# Dt-Swiss XRC 1250 losing weight?



## ka0t1c07 (Aug 3, 2005)

I been looking at the DT XRC1250 carbon wheels and the Stans Race 7000 wheelset. I was wondering, can these wheels be made lighter. I know the Stans can be, I read some of the race 7000 threads but the main concern are the DTs. I like the carbon look. I also read about Fulcrum and Bontreger carbon wheelsets but they come in around 1400grs which I think is not too impressive.

Tin


----------



## Some Guy (Mar 27, 2005)

Well they are a factory wheelset, so you can't really have the configuration changed at all. DT don't have any lighter parts to change to anyway.

The only way I can think of to make them lighter would be to buy the 190 hubs and Aerolight spokes seperately and lace them to Stans ZTR Race rims. Or reduce the spoke count, or use different hubs, or Ti spokes... but do any of those and it's not really an XRC1250 wheelset any more is it?


----------



## IAmtnbikr (May 17, 2008)

1250g is pretty darned light IMO unless you're a smallish person with superb riding skills and trails that don't tear things up. When I went to my King disc/DT XRC330 wheelset I shed 148g replacing the X317 rims and went down to 1303g. I'd be happy to lose another 50g in a prebuilt wheelset and would've gone that route had I not owned the King hubs already. Eventually you hit the point of diminising return$, lol.


----------



## hasan.cagri (Jul 27, 2008)

Race7000 Rims + Revolution spokes + Tune Prince and Princess hubs 

This wheel set is almost 1140-1150g


----------



## Ole (Feb 22, 2004)

Extralite UltraHubs SPD with full ceramic bearings, Pillar bladed titanium spokes (1.7x2.2mm on front left and rear right, 1.4x2.2mm on other sides) and 280g Race 7000 is 1080g. I've raced it all year with ceramic hybrid bearings with a total weight of 1091g. I weigh 80kg/178lbs. Zero durability issues so far.
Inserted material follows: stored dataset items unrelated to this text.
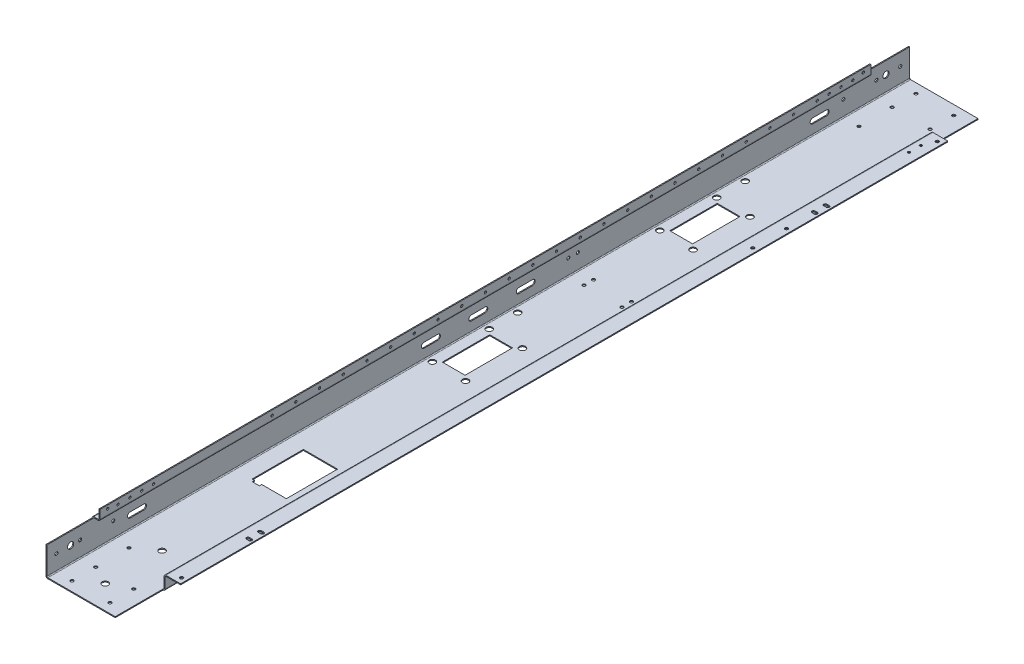
from build123d import *

# Parameters (mm, degrees)
SM_BASE_FLANGE_1_DEPTH    = 910
SKETCH_6_W                = 101
SKETCH_6_H                = 30
CUT_EXTRUDE_1_DEPTH       = 37
SKETCH_7_W                = 17
SKETCH_7_H                = 97
CUT_EXTRUDE_2_DEPTH       = 24
SKETCH_8_R                = 6.5
SKETCH_8_R_2              = 3.25
CUT_EXTRUDE_3_DEPTH       = 10
SKETCH_9_R                = 3.25
CUT_EXTRUDE_4_DEPTH       = 10
SKETCH_13_R               = 3.25
CUT_EXTRUDE_6_DEPTH       = 10
CUT_EXTRUDE_7_DEPTH       = 10
CUT_EXTRUDE_8_DEPTH       = 10
SKETCH_16_R               = 3.25
SKETCH_16_R_2             = 6.5
CUT_EXTRUDE_9_DEPTH       = 10
SKETCH_17_R               = 2.5
CUT_EXTRUDE_10_DEPTH      = 10
MOVE_BODY_1_OUTLINE_R     = 3.25
MOVE_BODY_1_DEPTH         = 2
MOVE_START                = -28
MOVE_BODY_1_2_OUTLINE_R   = 6.5
MOVE_BODY_1_2_OUTLINE_R_2 = 3.25
MOVE_BODY_1_2_DEPTH       = 2
MOVE_START_2              = -168
MOVE_BODY_1_3_OUTLINE_R   = 2.5
MOVE_BODY_1_3_DEPTH       = 2
MOVE_START_3              = -183
MOVE_BODY_1_4_OUTLINE_R   = 3.25
MOVE_BODY_1_4_DEPTH       = 2
MOVE_BODY_1_5_OUTLINE_R   = 6.5
MOVE_BODY_1_5_OUTLINE_R_2 = 3.25
MOVE_BODY_1_5_DEPTH       = 30
MOVE_BODY_1_6_OUTLINE_R   = 3.25
MOVE_BODY_1_6_OUTLINE_R_2 = 2.5
MOVE_BODY_1_6_DEPTH       = 17
SKETCH_18_W               = 72
SKETCH_18_H               = 108
SKETCH_18_W_2             = 15
SKETCH_18_H_2             = 5
CUT_EXTRUDE_7603_DEPTH    = 10
SKETCH_21_R               = 6.5
CUT_EXTRUDE_13_DEPTH      = 10
SKETCH_28_R               = 6.5
SKETCH_28_W               = 48
SKETCH_28_H               = 100
CUT_EXTRUDE_9110_DEPTH    = 10
SKETCH_31_R               = 2.5
CUT_EXTRUDE_10647_DEPTH   = 10


# Read off the part's stored shape, not the designer's step: Тело-Переместить/Копировать1
# Sheet-metal steps are written as plain solids
with BuildPart() as part:
    # Sketch 1 → Базовая кромка1 (new, symmetric)
    with BuildSketch(Plane.XY):
        with BuildLine():
            Line((0, 0), (-31, 0))
            ThreePointArc((-31, 0), (-32.414213562, -0.585786438), (-33, -2))
            Line((-33, -2), (-33, -24))
            ThreePointArc((-33, -24), (-34.171572875, -26.828427125), (-37, -28))
            Line((-37, -28), (-179, -28))
            ThreePointArc((-179, -28), (-181.828427125, -26.828427125), (-183, -24))
            Line((-183, -24), (-183, 33))
            ThreePointArc((-183, 33), (-181.828427125, 35.828427125), (-179, 37))
            Line((-179, 37), (-170, 37))
            ThreePointArc((-170, 37), (-168.585786438, 37.585786438), (-168, 39))
            Line((-168, 39), (-168, 57))
            Line((-168, 57), (-166, 57))
            Line((-166, 57), (-166, 39))
            ThreePointArc((-166, 39), (-167.171572875, 36.171572875), (-170, 35))
            Line((-170, 35), (-179, 35))
            ThreePointArc((-179, 35), (-180.414213562, 34.414213562), (-181, 33))
            Line((-181, 33), (-181, -24))
            ThreePointArc((-181, -24), (-180.414213562, -25.414213562), (-179, -26))
            Line((-179, -26), (-37, -26))
            ThreePointArc((-37, -26), (-35.585786438, -25.414213562), (-35, -24))
            Line((-35, -24), (-35, -2))
            ThreePointArc((-35, -2), (-33.828427125, 0.828427125), (-31, 2))
            Line((-31, 2), (0, 2))
            Line((0, 2), (0, 0))
        make_face()
    extrude(amount=SM_BASE_FLANGE_1_DEPTH, both=True)

    # Эскиз6 → Cut-Extrude 1 (cut)
    with BuildSketch(Plane(origin=(0, 0, 0), x_dir=(0, 0, -1), z_dir=(1, 0, 0))):
        with Locations((-859.5, -13)):
            Rectangle(SKETCH_6_W, SKETCH_6_H)
        with Locations((859.5, -13)):
            Rectangle(SKETCH_6_W, SKETCH_6_H)
    extrude(amount=-CUT_EXTRUDE_1_DEPTH, mode=Mode.SUBTRACT)

    # Эскиз7 → Вырез-Вытянуть2 (cut)
    with BuildSketch(Plane(origin=(0, 57, 0), x_dir=(1, 0, 0), z_dir=(0, 1, 0))):
        with Locations((-174.5, -861.5)):
            Rectangle(SKETCH_7_W, SKETCH_7_H)
        with Locations((-174.5, 861.5)):
            Rectangle(SKETCH_7_W, SKETCH_7_H)
    extrude(amount=-CUT_EXTRUDE_2_DEPTH, mode=Mode.SUBTRACT)

    # Эскиз8 → Вырез-Вытянуть3 (cut)
    with BuildSketch(Plane(origin=(0, -26, 0), x_dir=(1, 0, 0), z_dir=(0, 1, 0))):
        with Locations(Location((-108, 860, 0), (0, 0, 180))):
            Circle(SKETCH_8_R)
        with Locations(Location((-68, 890, 0), (0, 0, 180))):
            Circle(SKETCH_8_R_2)
        with Locations(Location((-148, 890, 0), (0, 0, 180))):
            Circle(SKETCH_8_R_2)
        with Locations(Location((-148, 840, 0), (0, 0, 180))):
            Circle(SKETCH_8_R_2)
        with Locations(Location((-68, 840, 0), (0, 0, 180))):
            Circle(SKETCH_8_R_2)
        with Locations(Location((-148, 770, 0), (0, 0, 180))):
            Circle(SKETCH_8_R_2)
        with Locations((-148, -770)):
            Circle(SKETCH_8_R_2)
        with Locations((-148, -890)):
            Circle(SKETCH_8_R_2)
        with Locations((-148, -840)):
            Circle(SKETCH_8_R_2)
        with Locations((-68, -840)):
            Circle(SKETCH_8_R_2)
        with Locations((-68, -890)):
            Circle(SKETCH_8_R_2)
    extrude(amount=-CUT_EXTRUDE_3_DEPTH, mode=Mode.SUBTRACT)

    # Эскиз9 → Вырез-Вытянуть4 (cut)
    with BuildSketch(Plane(origin=(0, -26, 0), x_dir=(1, 0, 0), z_dir=(0, 1, 0))):
        with Locations(Location((-68, -190, 0), (0, 0, 180))):
            Circle(SKETCH_9_R)
        with Locations(Location((-148, -190, 0), (0, 0, 180))):
            Circle(SKETCH_9_R)
        with Locations(Location((-148, -210, 0), (0, 0, 180))):
            Circle(SKETCH_9_R)
        with Locations(Location((-68, -210, 0), (0, 0, 180))):
            Circle(SKETCH_9_R)
    cut_extrude_4 = extrude(amount=-CUT_EXTRUDE_4_DEPTH, mode=Mode.SUBTRACT)

    # Зеркальное отражение1: Вырез-Вытянуть4 across plane
    add(cut_extrude_4.mirror(Plane(origin=(-77.5, 77.5, 0), x_dir=(0, 0, 1), z_dir=(-0.7071067811865476, 0.7071067811865475, 0))), mode=Mode.SUBTRACT)

    # Эскиз13 → Вырез-Вытянуть6 (cut)
    with BuildSketch(Plane.XZ):
        with Locations(Location((-10, -797, 0), (0, 0, 270))):
            Circle(SKETCH_13_R)
        with Locations(Location((-10, 797, 0), (0, 0, 270))):
            Circle(SKETCH_13_R)
        with Locations(Location((-10, 479, 0), (0, 0, 270))):
            Circle(SKETCH_13_R)
        with Locations(Location((-10, 408, 0), (0, 0, 270))):
            Circle(SKETCH_13_R)
    extrude(amount=-CUT_EXTRUDE_6_DEPTH, mode=Mode.SUBTRACT)

    # Эскиз14 → Вырез-Вытянуть7 (cut)
    with BuildSketch(Plane.XZ):
        with BuildLine():
            Line((-12, 566.25), (-7, 566.25))
            ThreePointArc((-7, 566.25), (-3.75, 563), (-7, 559.75))
            Line((-7, 559.75), (-12, 559.75))
            ThreePointArc((-12, 559.75), (-15.25, 563), (-12, 566.25))
        make_face()
        with BuildLine():
            Line((-12, 541.25), (-7, 541.25))
            ThreePointArc((-7, 541.25), (-3.75, 538), (-7, 534.75))
            Line((-7, 534.75), (-12, 534.75))
            ThreePointArc((-12, 534.75), (-15.25, 538), (-12, 541.25))
        make_face()
        with BuildLine():
            Line((-12, -626.75), (-7, -626.75))
            ThreePointArc((-7, -626.75), (-3.75, -630), (-7, -633.25))
            Line((-7, -633.25), (-12, -633.25))
            ThreePointArc((-12, -633.25), (-15.25, -630), (-12, -626.75))
        make_face()
        with BuildLine():
            Line((-12, -651.75), (-7, -651.75))
            ThreePointArc((-7, -651.75), (-3.75, -655), (-7, -658.25))
            Line((-7, -658.25), (-12, -658.25))
            ThreePointArc((-12, -658.25), (-15.25, -655), (-12, -651.75))
        make_face()
    extrude(amount=-CUT_EXTRUDE_7_DEPTH, mode=Mode.SUBTRACT)

    # Эскиз15 → Вырез-Вытянуть8 (cut)
    with BuildSketch(Plane.ZY.offset(183)):
        with BuildLine():
            Line((-734.5, 5.5), (-705.5, 5.5))
            ThreePointArc((-705.5, 5.5), (-700, 0), (-705.5, -5.5))
            Line((-705.5, -5.5), (-734.5, -5.5))
            ThreePointArc((-734.5, -5.5), (-740, 0), (-734.5, 5.5))
        make_face()
        with BuildLine():
            Line((-85.5, -5.5), (-114.5, -5.5))
            ThreePointArc((-114.5, -5.5), (-120, 0), (-114.5, 5.5))
            Line((-114.5, 5.5), (-85.5, 5.5))
            ThreePointArc((-85.5, 5.5), (-80, 0), (-85.5, -5.5))
        make_face()
        with BuildLine():
            Line((14.5, -5.5), (-14.5, -5.5))
            ThreePointArc((-14.5, -5.5), (-20, 0), (-14.5, 5.5))
            Line((-14.5, 5.5), (14.5, 5.5))
            ThreePointArc((14.5, 5.5), (20, 0), (14.5, -5.5))
        make_face()
        with BuildLine():
            Line((114.5, -5.5), (85.5, -5.5))
            ThreePointArc((85.5, -5.5), (80, 0), (85.5, 5.5))
            Line((85.5, 5.5), (114.5, 5.5))
            ThreePointArc((114.5, 5.5), (120, 0), (114.5, -5.5))
        make_face()
        with BuildLine():
            Line((734.5, -5.5), (705.5, -5.5))
            ThreePointArc((705.5, -5.5), (700, 0), (705.5, 5.5))
            Line((705.5, 5.5), (734.5, 5.5))
            ThreePointArc((734.5, 5.5), (740, 0), (734.5, -5.5))
        make_face()
    extrude(amount=-CUT_EXTRUDE_8_DEPTH, mode=Mode.SUBTRACT)

    # Эскиз16 → Вырез-Вытянуть9 (cut)
    with BuildSketch(Plane.ZY.offset(183)):
        with Locations((890, 7)):
            Circle(SKETCH_16_R)
        with Locations((860, 7)):
            Circle(SKETCH_16_R_2)
        with Locations((840, 7)):
            Circle(SKETCH_16_R)
        with Locations((770, 7)):
            Circle(SKETCH_16_R)
        with Locations(Location((-770, 7, 0), (0, 0, 180))):
            Circle(SKETCH_16_R)
        with Locations(Location((-840, 7, 0), (0, 0, 180))):
            Circle(SKETCH_16_R)
        with Locations(Location((-860, 7, 0), (0, 0, 180))):
            Circle(SKETCH_16_R_2)
        with Locations(Location((-890, 7, 0), (0, 0, 180))):
            Circle(SKETCH_16_R)
    extrude(amount=-CUT_EXTRUDE_9_DEPTH, mode=Mode.SUBTRACT)

    # Эскиз17 → Вырез-Вытянуть10 (cut)
    with BuildSketch(Plane.ZY.offset(168)):
        with Locations((775, 47)):
            Circle(SKETCH_17_R)
        with Locations((650, 47)):
            Circle(SKETCH_17_R)
        with Locations((-775, 47)):
            Circle(SKETCH_17_R)
        with Locations((-797, 50)):
            Circle(SKETCH_17_R)
        with Locations((797, 50)):
            Circle(SKETCH_17_R)
        with Locations((750, 47)):
            Circle(SKETCH_17_R)
        with Locations((725, 47)):
            Circle(SKETCH_17_R)
        with Locations((700, 47)):
            Circle(SKETCH_17_R)
        with Locations((600, 47)):
            Circle(SKETCH_17_R)
        with Locations((550, 47)):
            Circle(SKETCH_17_R)
        with Locations((500, 47)):
            Circle(SKETCH_17_R)
        with Locations((450, 47)):
            Circle(SKETCH_17_R)
        with Locations((400, 47)):
            Circle(SKETCH_17_R)
        with Locations((350, 47)):
            Circle(SKETCH_17_R)
        with Locations((300, 47)):
            Circle(SKETCH_17_R)
        with Locations((250, 47)):
            Circle(SKETCH_17_R)
        with Locations((200, 47)):
            Circle(SKETCH_17_R)
        with Locations((150, 47)):
            Circle(SKETCH_17_R)
        with Locations((100, 47)):
            Circle(SKETCH_17_R)
        with Locations((50, 47)):
            Circle(SKETCH_17_R)
        with Locations((0, 47)):
            Circle(SKETCH_17_R)
        with Locations((-50, 47)):
            Circle(SKETCH_17_R)
        with Locations((-100, 47)):
            Circle(SKETCH_17_R)
        with Locations((-150, 47)):
            Circle(SKETCH_17_R)
        with Locations((-200, 47)):
            Circle(SKETCH_17_R)
        with Locations((-750, 47)):
            Circle(SKETCH_17_R)
        with Locations((-725, 47)):
            Circle(SKETCH_17_R)
        with Locations((-700, 47)):
            Circle(SKETCH_17_R)
        with Locations((-250, 47)):
            Circle(SKETCH_17_R)
        with Locations((-300, 47)):
            Circle(SKETCH_17_R)
        with Locations((-350, 47)):
            Circle(SKETCH_17_R)
        with Locations((-400, 47)):
            Circle(SKETCH_17_R)
        with Locations((-450, 47)):
            Circle(SKETCH_17_R)
    extrude(amount=-CUT_EXTRUDE_10_DEPTH, mode=Mode.SUBTRACT)

    # Move Body 1 outline → Move Body 1 (add)
    with BuildSketch(Plane(origin=(0, 0, 0), x_dir=(1, 0, 0), z_dir=(0, 1, 0))):
        with Locations((-10, -408)):
            Circle(MOVE_BODY_1_OUTLINE_R)
        with Locations((-10, -479)):
            Circle(MOVE_BODY_1_OUTLINE_R)
        with BuildLine():
            ThreePointArc((-12, 658.25), (-15.25, 655), (-12, 651.75))
            Line((-12, 651.75), (-7, 651.75))
            ThreePointArc((-7, 651.75), (-3.75, 655), (-7, 658.25))
            Line((-7, 658.25), (-12, 658.25))
        make_face()
        with BuildLine():
            ThreePointArc((-12, 633.25), (-15.25, 630), (-12, 626.75))
            Line((-12, 626.75), (-7, 626.75))
            ThreePointArc((-7, 626.75), (-3.75, 630), (-7, 633.25))
            Line((-7, 633.25), (-12, 633.25))
        make_face()
        with BuildLine():
            ThreePointArc((-12, -534.75), (-15.25, -538), (-12, -541.25))
            Line((-12, -541.25), (-7, -541.25))
            ThreePointArc((-7, -541.25), (-3.75, -538), (-7, -534.75))
            Line((-7, -534.75), (-12, -534.75))
        make_face()
        with BuildLine():
            ThreePointArc((-12, -559.75), (-15.25, -563), (-12, -566.25))
            Line((-12, -566.25), (-7, -566.25))
            ThreePointArc((-7, -566.25), (-3.75, -563), (-7, -559.75))
            Line((-7, -559.75), (-12, -559.75))
        make_face()
    extrude(amount=MOVE_BODY_1_DEPTH)

    # Move Body 1 2 outline → Move Body 1 2 (add)
    with BuildSketch(Plane(origin=(0, 0, 0), x_dir=(1, 0, 0), z_dir=(0, 1, 0)).offset(MOVE_START)):
        with Locations((-108, 860)):
            Circle(MOVE_BODY_1_2_OUTLINE_R)
        with Locations((-68, -190)):
            Circle(MOVE_BODY_1_2_OUTLINE_R_2)
        with Locations((-148, -190)):
            Circle(MOVE_BODY_1_2_OUTLINE_R_2)
        with Locations((-148, -210)):
            Circle(MOVE_BODY_1_2_OUTLINE_R_2)
        with Locations((-68, -210)):
            Circle(MOVE_BODY_1_2_OUTLINE_R_2)
    extrude(amount=MOVE_BODY_1_2_DEPTH)

    # Move Body 1 3 outline → Move Body 1 3 (add)
    with BuildSketch(Plane.YZ.offset(MOVE_START_2)):
        with Locations((47, 500)):
            Circle(MOVE_BODY_1_3_OUTLINE_R)
        with Locations((47, 550)):
            Circle(MOVE_BODY_1_3_OUTLINE_R)
        with Locations((47, 600)):
            Circle(MOVE_BODY_1_3_OUTLINE_R)
        with Locations((47, 650)):
            Circle(MOVE_BODY_1_3_OUTLINE_R)
    extrude(amount=MOVE_BODY_1_3_DEPTH)

    # Move Body 1 4 outline → Move Body 1 4 (add)
    with BuildSketch(Plane.YZ.offset(MOVE_START_3)):
        with Locations((7, 190)):
            Circle(MOVE_BODY_1_4_OUTLINE_R)
        with Locations((7, 210)):
            Circle(MOVE_BODY_1_4_OUTLINE_R)
    extrude(amount=MOVE_BODY_1_4_DEPTH)

    # Move Body 1 5 outline → Move Body 1 5 (cut)
    with BuildSketch(Plane(origin=(0, 0, 0), x_dir=(1, 0, 0), z_dir=(0, 1, 0)).offset(MOVE_START)):
        with Locations((-108, -860)):
            Circle(MOVE_BODY_1_5_OUTLINE_R)
        with Locations((-68, 190)):
            Circle(MOVE_BODY_1_5_OUTLINE_R_2)
        with Locations((-148, 190)):
            Circle(MOVE_BODY_1_5_OUTLINE_R_2)
        with Locations((-148, 210)):
            Circle(MOVE_BODY_1_5_OUTLINE_R_2)
        with Locations((-68, 210)):
            Circle(MOVE_BODY_1_5_OUTLINE_R_2)
        with Locations((-10, 408)):
            Circle(MOVE_BODY_1_5_OUTLINE_R_2)
        with Locations((-10, 479)):
            Circle(MOVE_BODY_1_5_OUTLINE_R_2)
        with BuildLine():
            ThreePointArc((-12, -651.75), (-15.25, -655), (-12, -658.25))
            Line((-12, -658.25), (-7, -658.25))
            ThreePointArc((-7, -658.25), (-3.75, -655), (-7, -651.75))
            Line((-7, -651.75), (-12, -651.75))
        make_face()
        with BuildLine():
            ThreePointArc((-12, -626.75), (-15.25, -630), (-12, -633.25))
            Line((-12, -633.25), (-7, -633.25))
            ThreePointArc((-7, -633.25), (-3.75, -630), (-7, -626.75))
            Line((-7, -626.75), (-12, -626.75))
        make_face()
        with BuildLine():
            ThreePointArc((-12, 541.25), (-15.25, 538), (-12, 534.75))
            Line((-12, 534.75), (-7, 534.75))
            ThreePointArc((-7, 534.75), (-3.75, 538), (-7, 541.25))
            Line((-7, 541.25), (-12, 541.25))
        make_face()
        with BuildLine():
            ThreePointArc((-12, 566.25), (-15.25, 563), (-12, 559.75))
            Line((-12, 559.75), (-7, 559.75))
            ThreePointArc((-7, 559.75), (-3.75, 563), (-7, 566.25))
            Line((-7, 566.25), (-12, 566.25))
        make_face()
    extrude(amount=MOVE_BODY_1_5_DEPTH, mode=Mode.SUBTRACT)

    # Move Body 1 6 outline → Move Body 1 6 (cut)
    with BuildSketch(Plane.YZ.offset(MOVE_START_3)):
        with Locations((7, -190)):
            Circle(MOVE_BODY_1_6_OUTLINE_R)
        with Locations((7, -210)):
            Circle(MOVE_BODY_1_6_OUTLINE_R)
        with Locations((47, -500)):
            Circle(MOVE_BODY_1_6_OUTLINE_R_2)
        with Locations((47, -550)):
            Circle(MOVE_BODY_1_6_OUTLINE_R_2)
        with Locations((47, -600)):
            Circle(MOVE_BODY_1_6_OUTLINE_R_2)
        with Locations((47, -650)):
            Circle(MOVE_BODY_1_6_OUTLINE_R_2)
    extrude(amount=MOVE_BODY_1_6_DEPTH, mode=Mode.SUBTRACT)

    # Эскиз18 → Cut-Extrude 7603 (cut)
    with BuildSketch(Plane.XZ.offset(28)):
        with Locations((-108, 460)):
            Rectangle(SKETCH_18_W, SKETCH_18_H)
        with Locations((-131.5, 516.5)):
            Rectangle(SKETCH_18_W_2, SKETCH_18_H_2)
    extrude(amount=-CUT_EXTRUDE_7603_DEPTH, mode=Mode.SUBTRACT)

    # Эскиз21 → Вырез-Вытянуть13 (cut)
    with BuildSketch(Plane.XZ.offset(28)):
        with Locations((-108, 740)):
            Circle(SKETCH_21_R)
    extrude(amount=-CUT_EXTRUDE_13_DEPTH, mode=Mode.SUBTRACT)

    # Эскиз28 → Cut-Extrude 9110 (cut)
    with BuildSketch(Plane.XZ.offset(28)):
        with Locations((-98, 110)):
            Circle(SKETCH_28_R)
        with Locations((-168, 110)):
            Circle(SKETCH_28_R)
        with Locations((-168, -10)):
            Circle(SKETCH_28_R)
        with Locations((-98, -10)):
            Circle(SKETCH_28_R)
        with Locations((-168, -70)):
            Circle(SKETCH_28_R)
        with Locations((-98, -370)):
            Circle(SKETCH_28_R)
        with Locations((-168, -370)):
            Circle(SKETCH_28_R)
        with Locations((-168, -490)):
            Circle(SKETCH_28_R)
        with Locations((-98, -490)):
            Circle(SKETCH_28_R)
        with Locations((-168, -550)):
            Circle(SKETCH_28_R)
        with Locations((-133, 50)):
            Rectangle(SKETCH_28_W, SKETCH_28_H)
        with Locations((-133, -430)):
            Rectangle(SKETCH_28_W, SKETCH_28_H)
    extrude(amount=-CUT_EXTRUDE_9110_DEPTH, mode=Mode.SUBTRACT)

    # Эскиз31 → Cut-Extrude 10647 (cut)
    with BuildSketch(Plane(origin=(0, 2, 0), x_dir=(1, 0, 0), z_dir=(0, 1, 0))):
        with Locations(Location((-20, 772.5, 0), (0, 0, 270))):
            Circle(SKETCH_31_R)
        with Locations(Location((-20, 747.5, 0), (0, 0, 270))):
            Circle(SKETCH_31_R)
    extrude(amount=-CUT_EXTRUDE_10647_DEPTH, mode=Mode.SUBTRACT)


solid = part.part

I took it out for the first ride with full ceramic today, no problems on roots, rocks, 50cm drops, mud etc.


Ole


----------



## ka0t1c07 (Aug 3, 2005)

im only around 130lbs. I like your light weight wheels OLE. Im geared more towards the DT carbon look. Goes on great with my Mojo SL. So the DT XRC1250 cant be lightened anymore. I know the hubs they use are very light already, just thought there could be something else that can be changed to make it a bit lighter.


----------



## Ole (Feb 22, 2004)

You could re-build them with titanium spokes. If done right, you'd still get pretty stiff wheels with well balanced tension left-right, and a little bit lower weight. Also, the hubs add weight because of the Centerlock adapters.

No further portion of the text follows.